The output is the lines below from the one with "#65=EDGE_CURVE('E104',#58,#42,#64,.T.);" through the one with "#84=ORIENTED_EDGE('',*,*,#83,.T.);", both included, printed exactly and with no other line.

════════════════

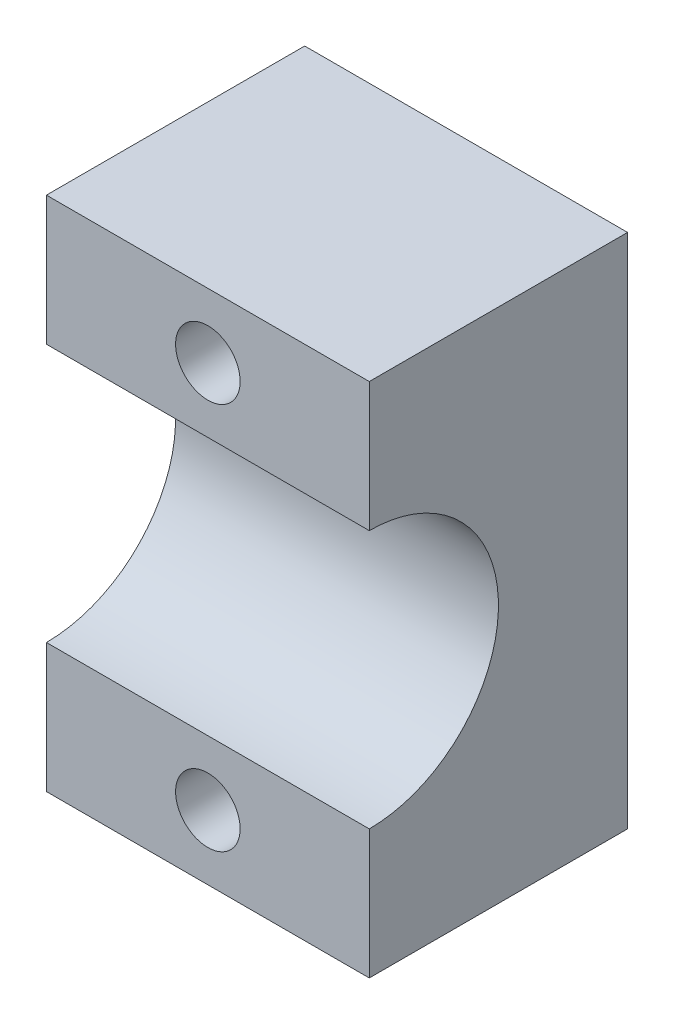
ISO-10303-21;
HEADER;
FILE_DESCRIPTION(('STEP AP214'),'2;1');
FILE_NAME('part.step','',(''),(''),'','','');
FILE_SCHEMA(('AUTOMOTIVE_DESIGN { 1 0 10303 214 1 1 1 1 }'));
ENDSEC;
DATA;
#1=APPLICATION_CONTEXT('core data for automotive mechanical design processes');
#2=APPLICATION_PROTOCOL_DEFINITION('international standard','automotive_design',2000,#1);
#3=PRODUCT_CONTEXT('',#1,'mechanical');
#4=PRODUCT('Part','Part','',(#3));
#5=PRODUCT_RELATED_PRODUCT_CATEGORY('part','',(#4));
#6=PRODUCT_DEFINITION_FORMATION('','',#4);
#7=PRODUCT_DEFINITION_CONTEXT('part definition',#1,'design');
#8=PRODUCT_DEFINITION('design','',#6,#7);
#9=PRODUCT_DEFINITION_SHAPE('','',#8);
#10=(LENGTH_UNIT() NAMED_UNIT(*) SI_UNIT(.MILLI.,.METRE.));
#11=(NAMED_UNIT(*) PLANE_ANGLE_UNIT() SI_UNIT($,.RADIAN.));
#12=(NAMED_UNIT(*) SI_UNIT($,.STERADIAN.) SOLID_ANGLE_UNIT());
#13=UNCERTAINTY_MEASURE_WITH_UNIT(LENGTH_MEASURE(1.E-05),#10,'distance_accuracy_value','');
#14=(GEOMETRIC_REPRESENTATION_CONTEXT(3) GLOBAL_UNCERTAINTY_ASSIGNED_CONTEXT((#13)) GLOBAL_UNIT_ASSIGNED_CONTEXT((#10,
#11,#12)) REPRESENTATION_CONTEXT('',''));
#15=CARTESIAN_POINT('',(0.,0.,0.));
#16=DIRECTION('',(0.,0.,1.));
#17=DIRECTION('',(1.,0.,0.));
#18=AXIS2_PLACEMENT_3D('',#15,#16,#17);
#19=CARTESIAN_POINT('',(0.,0.,8.));
#20=DIRECTION('',(0.,0.,1.));
#21=DIRECTION('',(1.,0.,0.));
#22=AXIS2_PLACEMENT_3D('',#19,#20,#21);
#23=PLANE('',#22);
#24=CARTESIAN_POINT('',(-18.4,-6.,8.));
#25=DIRECTION('',(0.,0.,1.));
#26=DIRECTION('',(1.,0.,0.));
#27=AXIS2_PLACEMENT_3D('',#24,#25,#26);
#28=CIRCLE('',#27,1.);
#29=CARTESIAN_POINT('',(-17.4,-6.,8.));
#30=VERTEX_POINT('',#29);
#31=EDGE_CURVE('E139',#30,#30,#28,.T.);
#32=ORIENTED_EDGE('',*,*,#31,.F.);
#33=EDGE_LOOP('',(#32));
#34=FACE_BOUND('',#33,.T.);
#35=DIRECTION('',(1.,0.,0.));
#36=VECTOR('',#35,1.);
#37=CARTESIAN_POINT('',(-26.4,-4.,8.));
#38=LINE('',#37,#36);
#39=CARTESIAN_POINT('',(-23.4,-4.,8.));
#40=VERTEX_POINT('',#39);
#41=CARTESIAN_POINT('',(-13.4,-4.,8.));
#42=VERTEX_POINT('',#41);
#43=EDGE_CURVE('E11',#40,#42,#38,.T.);
#44=ORIENTED_EDGE('',*,*,#43,.F.);
#45=DIRECTION('',(0.,-1.,0.));
#46=VECTOR('',#45,1.);
#47=CARTESIAN_POINT('',(-23.4,8.,8.));
#48=LINE('',#47,#46);
#49=CARTESIAN_POINT('',(-23.4,-8.,8.));
#50=VERTEX_POINT('',#49);
#51=EDGE_CURVE('E87',#40,#50,#48,.T.);
#52=ORIENTED_EDGE('',*,*,#51,.T.);
#53=DIRECTION('',(1.,0.,0.));
#54=VECTOR('',#53,1.);
#55=CARTESIAN_POINT('',(-23.4,-8.,8.));
#56=LINE('',#55,#54);
#57=CARTESIAN_POINT('',(-13.4,-8.,8.));
#58=VERTEX_POINT('',#57);
#59=EDGE_CURVE('E108',#50,#58,#56,.T.);
#60=ORIENTED_EDGE('',*,*,#59,.T.);
#61=DIRECTION('',(0.,1.,0.));
#62=VECTOR('',#61,1.);
#63=CARTESIAN_POINT('',(-13.4,8.,8.));
#64=LINE('',#63,#62);
#65=EDGE_CURVE('E104',#58,#42,#64,.T.);
#66=ORIENTED_EDGE('',*,*,#65,.T.);
#67=EDGE_LOOP('',(#44,#52,#60,#66));
#68=FACE_BOUND('',#67,.T.);
#69=ADVANCED_FACE('F33',(#34,#68),#23,.T.);
#70=CARTESIAN_POINT('',(-23.4,8.,8.));
#71=DIRECTION('',(1.,0.,0.));
#72=DIRECTION('',(0.,0.,-1.));
#73=AXIS2_PLACEMENT_3D('',#70,#71,#72);
#74=PLANE('',#73);
#75=ORIENTED_EDGE('',*,*,#51,.F.);
#76=CARTESIAN_POINT('',(-23.4,0.,8.));
#77=DIRECTION('',(1.,0.,0.));
#78=DIRECTION('',(0.,0.,-1.));
#79=AXIS2_PLACEMENT_3D('',#76,#77,#78);
#80=CIRCLE('',#79,4.);
#81=CARTESIAN_POINT('',(-23.4,4.,8.));
#82=VERTEX_POINT('',#81);
#83=EDGE_CURVE('E97',#40,#82,#80,.T.);
#84=ORIENTED_EDGE('',*,*,#83,.T.);
#85=CARTESIAN_POINT('',(-23.4,8.,8.));
#86=VERTEX_POINT('',#85);
#87=EDGE_CURVE('E146',#86,#82,#48,.T.);
#88=ORIENTED_EDGE('',*,*,#87,.F.);
#89=DIRECTION('',(0.,0.,-1.));
#90=VECTOR('',#89,1.);
#91=CARTESIAN_POINT('',(-23.4,8.,8.));
#92=LINE('',#91,#90);
#93=CARTESIAN_POINT('',(-23.4,8.,0.));
#94=VERTEX_POINT('',#93);
#95=EDGE_CURVE('E111',#86,#94,#92,.T.);
#96=ORIENTED_EDGE('',*,*,#95,.T.);
#97=DIRECTION('',(0.,-1.,0.));
#98=VECTOR('',#97,1.);
#99=CARTESIAN_POINT('',(-23.4,8.,0.));
#100=LINE('',#99,#98);
#101=CARTESIAN_POINT('',(-23.4,-8.,0.));
#102=VERTEX_POINT('',#101);
#103=EDGE_CURVE('E116',#94,#102,#100,.T.);
#104=ORIENTED_EDGE('',*,*,#103,.T.);
#105=DIRECTION('',(0.,0.,-1.));
#106=VECTOR('',#105,1.);
#107=CARTESIAN_POINT('',(-23.4,-8.,8.));
#108=LINE('',#107,#106);
#109=EDGE_CURVE('E129',#50,#102,#108,.T.);
#110=ORIENTED_EDGE('',*,*,#109,.F.);
#111=EDGE_LOOP('',(#75,#84,#88,#96,#104,#110));
#112=FACE_BOUND('',#111,.T.);
#113=ADVANCED_FACE('F35',(#112),#74,.F.);
#114=CARTESIAN_POINT('',(-23.4,-8.,8.));
#115=DIRECTION('',(0.,1.,0.));
#116=DIRECTION('',(0.,0.,1.));
#117=AXIS2_PLACEMENT_3D('',#114,#115,#116);
#118=PLANE('',#117);
#119=DIRECTION('',(1.,0.,0.));
#120=VECTOR('',#119,1.);
#121=CARTESIAN_POINT('',(-23.4,-8.,0.));
#122=LINE('',#121,#120);
#123=CARTESIAN_POINT('',(-13.4,-8.,0.));
#124=VERTEX_POINT('',#123);
#125=EDGE_CURVE('E119',#102,#124,#122,.T.);
#126=ORIENTED_EDGE('',*,*,#125,.T.);
#127=DIRECTION('',(0.,0.,-1.));
#128=VECTOR('',#127,1.);
#129=CARTESIAN_POINT('',(-13.4,-8.,8.));
#130=LINE('',#129,#128);
#131=EDGE_CURVE('E127',#58,#124,#130,.T.);
#132=ORIENTED_EDGE('',*,*,#131,.F.);
#133=ORIENTED_EDGE('',*,*,#59,.F.);
#134=ORIENTED_EDGE('',*,*,#109,.T.);
#135=EDGE_LOOP('',(#126,#132,#133,#134));
#136=FACE_BOUND('',#135,.T.);
#137=ADVANCED_FACE('F153',(#136),#118,.F.);
#138=CARTESIAN_POINT('',(-13.4,8.,8.));
#139=DIRECTION('',(-1.,0.,0.));
#140=DIRECTION('',(0.,0.,1.));
#141=AXIS2_PLACEMENT_3D('',#138,#139,#140);
#142=PLANE('',#141);
#143=CARTESIAN_POINT('',(-13.4,4.,8.));
#144=VERTEX_POINT('',#143);
#145=CARTESIAN_POINT('',(-13.4,8.,8.));
#146=VERTEX_POINT('',#145);
#147=EDGE_CURVE('E106',#144,#146,#64,.T.);
#148=ORIENTED_EDGE('',*,*,#147,.F.);
#149=CARTESIAN_POINT('',(-13.4,0.,8.));
#150=DIRECTION('',(1.,0.,0.));
#151=DIRECTION('',(0.,0.,-1.));
#152=AXIS2_PLACEMENT_3D('',#149,#150,#151);
#153=CIRCLE('',#152,4.);
#154=EDGE_CURVE('E49',#42,#144,#153,.T.);
#155=ORIENTED_EDGE('',*,*,#154,.F.);
#156=ORIENTED_EDGE('',*,*,#65,.F.);
#157=ORIENTED_EDGE('',*,*,#131,.T.);
#158=DIRECTION('',(0.,1.,0.));
#159=VECTOR('',#158,1.);
#160=CARTESIAN_POINT('',(-13.4,8.,0.));
#161=LINE('',#160,#159);
#162=CARTESIAN_POINT('',(-13.4,8.,0.));
#163=VERTEX_POINT('',#162);
#164=EDGE_CURVE('E121',#124,#163,#161,.T.);
#165=ORIENTED_EDGE('',*,*,#164,.T.);
#166=DIRECTION('',(0.,0.,-1.));
#167=VECTOR('',#166,1.);
#168=CARTESIAN_POINT('',(-13.4,8.,8.));
#169=LINE('',#168,#167);
#170=EDGE_CURVE('E125',#146,#163,#169,.T.);
#171=ORIENTED_EDGE('',*,*,#170,.F.);
#172=EDGE_LOOP('',(#148,#155,#156,#157,#165,#171));
#173=FACE_BOUND('',#172,.T.);
#174=ADVANCED_FACE('F102',(#173),#142,.F.);
#175=CARTESIAN_POINT('',(-23.4,8.,8.));
#176=DIRECTION('',(0.,-1.,0.));
#177=DIRECTION('',(0.,0.,-1.));
#178=AXIS2_PLACEMENT_3D('',#175,#176,#177);
#179=PLANE('',#178);
#180=DIRECTION('',(-1.,0.,0.));
#181=VECTOR('',#180,1.);
#182=CARTESIAN_POINT('',(-23.4,8.,0.));
#183=LINE('',#182,#181);
#184=EDGE_CURVE('E79',#163,#94,#183,.T.);
#185=ORIENTED_EDGE('',*,*,#184,.T.);
#186=ORIENTED_EDGE('',*,*,#95,.F.);
#187=DIRECTION('',(-1.,0.,0.));
#188=VECTOR('',#187,1.);
#189=CARTESIAN_POINT('',(-23.4,8.,8.));
#190=LINE('',#189,#188);
#191=EDGE_CURVE('E58',#146,#86,#190,.T.);
#192=ORIENTED_EDGE('',*,*,#191,.F.);
#193=ORIENTED_EDGE('',*,*,#170,.T.);
#194=EDGE_LOOP('',(#185,#186,#192,#193));
#195=FACE_BOUND('',#194,.T.);
#196=ADVANCED_FACE('F166',(#195),#179,.F.);
#197=CARTESIAN_POINT('',(-18.4,6.,8.));
#198=DIRECTION('',(0.,0.,1.));
#199=DIRECTION('',(1.,0.,0.));
#200=AXIS2_PLACEMENT_3D('',#197,#198,#199);
#201=CIRCLE('',#200,1.);
#202=CARTESIAN_POINT('',(-17.4,6.,8.));
#203=VERTEX_POINT('',#202);
#204=EDGE_CURVE('E134',#203,#203,#201,.T.);
#205=ORIENTED_EDGE('',*,*,#204,.F.);
#206=EDGE_LOOP('',(#205));
#207=FACE_BOUND('',#206,.T.);
#208=DIRECTION('',(1.,0.,0.));
#209=VECTOR('',#208,1.);
#210=CARTESIAN_POINT('',(-26.4,4.,8.));
#211=LINE('',#210,#209);
#212=EDGE_CURVE('E42',#144,#82,#211,.F.);
#213=ORIENTED_EDGE('',*,*,#212,.F.);
#214=ORIENTED_EDGE('',*,*,#147,.T.);
#215=ORIENTED_EDGE('',*,*,#191,.T.);
#216=ORIENTED_EDGE('',*,*,#87,.T.);
#217=EDGE_LOOP('',(#213,#214,#215,#216));
#218=FACE_BOUND('',#217,.T.);
#219=ADVANCED_FACE('F148',(#207,#218),#23,.T.);
#220=CARTESIAN_POINT('',(0.,0.,0.));
#221=DIRECTION('',(0.,0.,1.));
#222=DIRECTION('',(1.,0.,0.));
#223=AXIS2_PLACEMENT_3D('',#220,#221,#222);
#224=PLANE('',#223);
#225=CARTESIAN_POINT('',(-18.4,6.,0.));
#226=DIRECTION('',(0.,0.,1.));
#227=DIRECTION('',(1.,0.,0.));
#228=AXIS2_PLACEMENT_3D('',#225,#226,#227);
#229=CIRCLE('',#228,1.);
#230=CARTESIAN_POINT('',(-17.4,6.,0.));
#231=VERTEX_POINT('',#230);
#232=EDGE_CURVE('E37',#231,#231,#229,.T.);
#233=ORIENTED_EDGE('',*,*,#232,.T.);
#234=EDGE_LOOP('',(#233));
#235=FACE_BOUND('',#234,.T.);
#236=CARTESIAN_POINT('',(-18.4,-6.,0.));
#237=DIRECTION('',(0.,0.,1.));
#238=DIRECTION('',(1.,0.,0.));
#239=AXIS2_PLACEMENT_3D('',#236,#237,#238);
#240=CIRCLE('',#239,1.);
#241=CARTESIAN_POINT('',(-17.4,-6.,0.));
#242=VERTEX_POINT('',#241);
#243=EDGE_CURVE('E132',#242,#242,#240,.T.);
#244=ORIENTED_EDGE('',*,*,#243,.T.);
#245=EDGE_LOOP('',(#244));
#246=FACE_BOUND('',#245,.T.);
#247=ORIENTED_EDGE('',*,*,#103,.F.);
#248=ORIENTED_EDGE('',*,*,#184,.F.);
#249=ORIENTED_EDGE('',*,*,#164,.F.);
#250=ORIENTED_EDGE('',*,*,#125,.F.);
#251=EDGE_LOOP('',(#247,#248,#249,#250));
#252=FACE_BOUND('',#251,.T.);
#253=ADVANCED_FACE('F156',(#235,#246,#252),#224,.F.);
#254=CARTESIAN_POINT('',(-26.4,0.,8.));
#255=DIRECTION('',(1.,0.,0.));
#256=DIRECTION('',(0.,0.,-1.));
#257=AXIS2_PLACEMENT_3D('',#254,#255,#256);
#258=CYLINDRICAL_SURFACE('',#257,4.);
#259=ORIENTED_EDGE('',*,*,#43,.T.);
#260=ORIENTED_EDGE('',*,*,#154,.T.);
#261=ORIENTED_EDGE('',*,*,#212,.T.);
#262=ORIENTED_EDGE('',*,*,#83,.F.);
#263=EDGE_LOOP('',(#259,#260,#261,#262));
#264=FACE_BOUND('',#263,.T.);
#265=ADVANCED_FACE('F95',(#264),#258,.F.);
#266=CARTESIAN_POINT('',(-18.4,-6.,-5.));
#267=DIRECTION('',(0.,0.,1.));
#268=DIRECTION('',(1.,0.,0.));
#269=AXIS2_PLACEMENT_3D('',#266,#267,#268);
#270=CYLINDRICAL_SURFACE('',#269,1.);
#271=CARTESIAN_POINT('',(-17.4,-6.,8.));
#272=CARTESIAN_POINT('',(-17.4,-6.,7.91666666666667));
#273=CARTESIAN_POINT('',(-17.4,-6.,7.83333333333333));
#274=CARTESIAN_POINT('',(-17.4,-6.,7.66666666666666));
#275=CARTESIAN_POINT('',(-17.4,-6.,7.58333333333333));
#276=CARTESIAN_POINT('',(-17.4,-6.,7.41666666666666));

════════════════

Reply to the exercise:
#65=EDGE_CURVE('E104',#58,#42,#64,.T.);
#66=ORIENTED_EDGE('',*,*,#65,.T.);
#67=EDGE_LOOP('',(#44,#52,#60,#66));
#68=FACE_BOUND('',#67,.T.);
#69=ADVANCED_FACE('F33',(#34,#68),#23,.T.);
#70=CARTESIAN_POINT('',(-23.4,8.,8.));
#71=DIRECTION('',(1.,0.,0.));
#72=DIRECTION('',(0.,0.,-1.));
#73=AXIS2_PLACEMENT_3D('',#70,#71,#72);
#74=PLANE('',#73);
#75=ORIENTED_EDGE('',*,*,#51,.F.);
#76=CARTESIAN_POINT('',(-23.4,0.,8.));
#77=DIRECTION('',(1.,0.,0.));
#78=DIRECTION('',(0.,0.,-1.));
#79=AXIS2_PLACEMENT_3D('',#76,#77,#78);
#80=CIRCLE('',#79,4.);
#81=CARTESIAN_POINT('',(-23.4,4.,8.));
#82=VERTEX_POINT('',#81);
#83=EDGE_CURVE('E97',#40,#82,#80,.T.);
#84=ORIENTED_EDGE('',*,*,#83,.T.);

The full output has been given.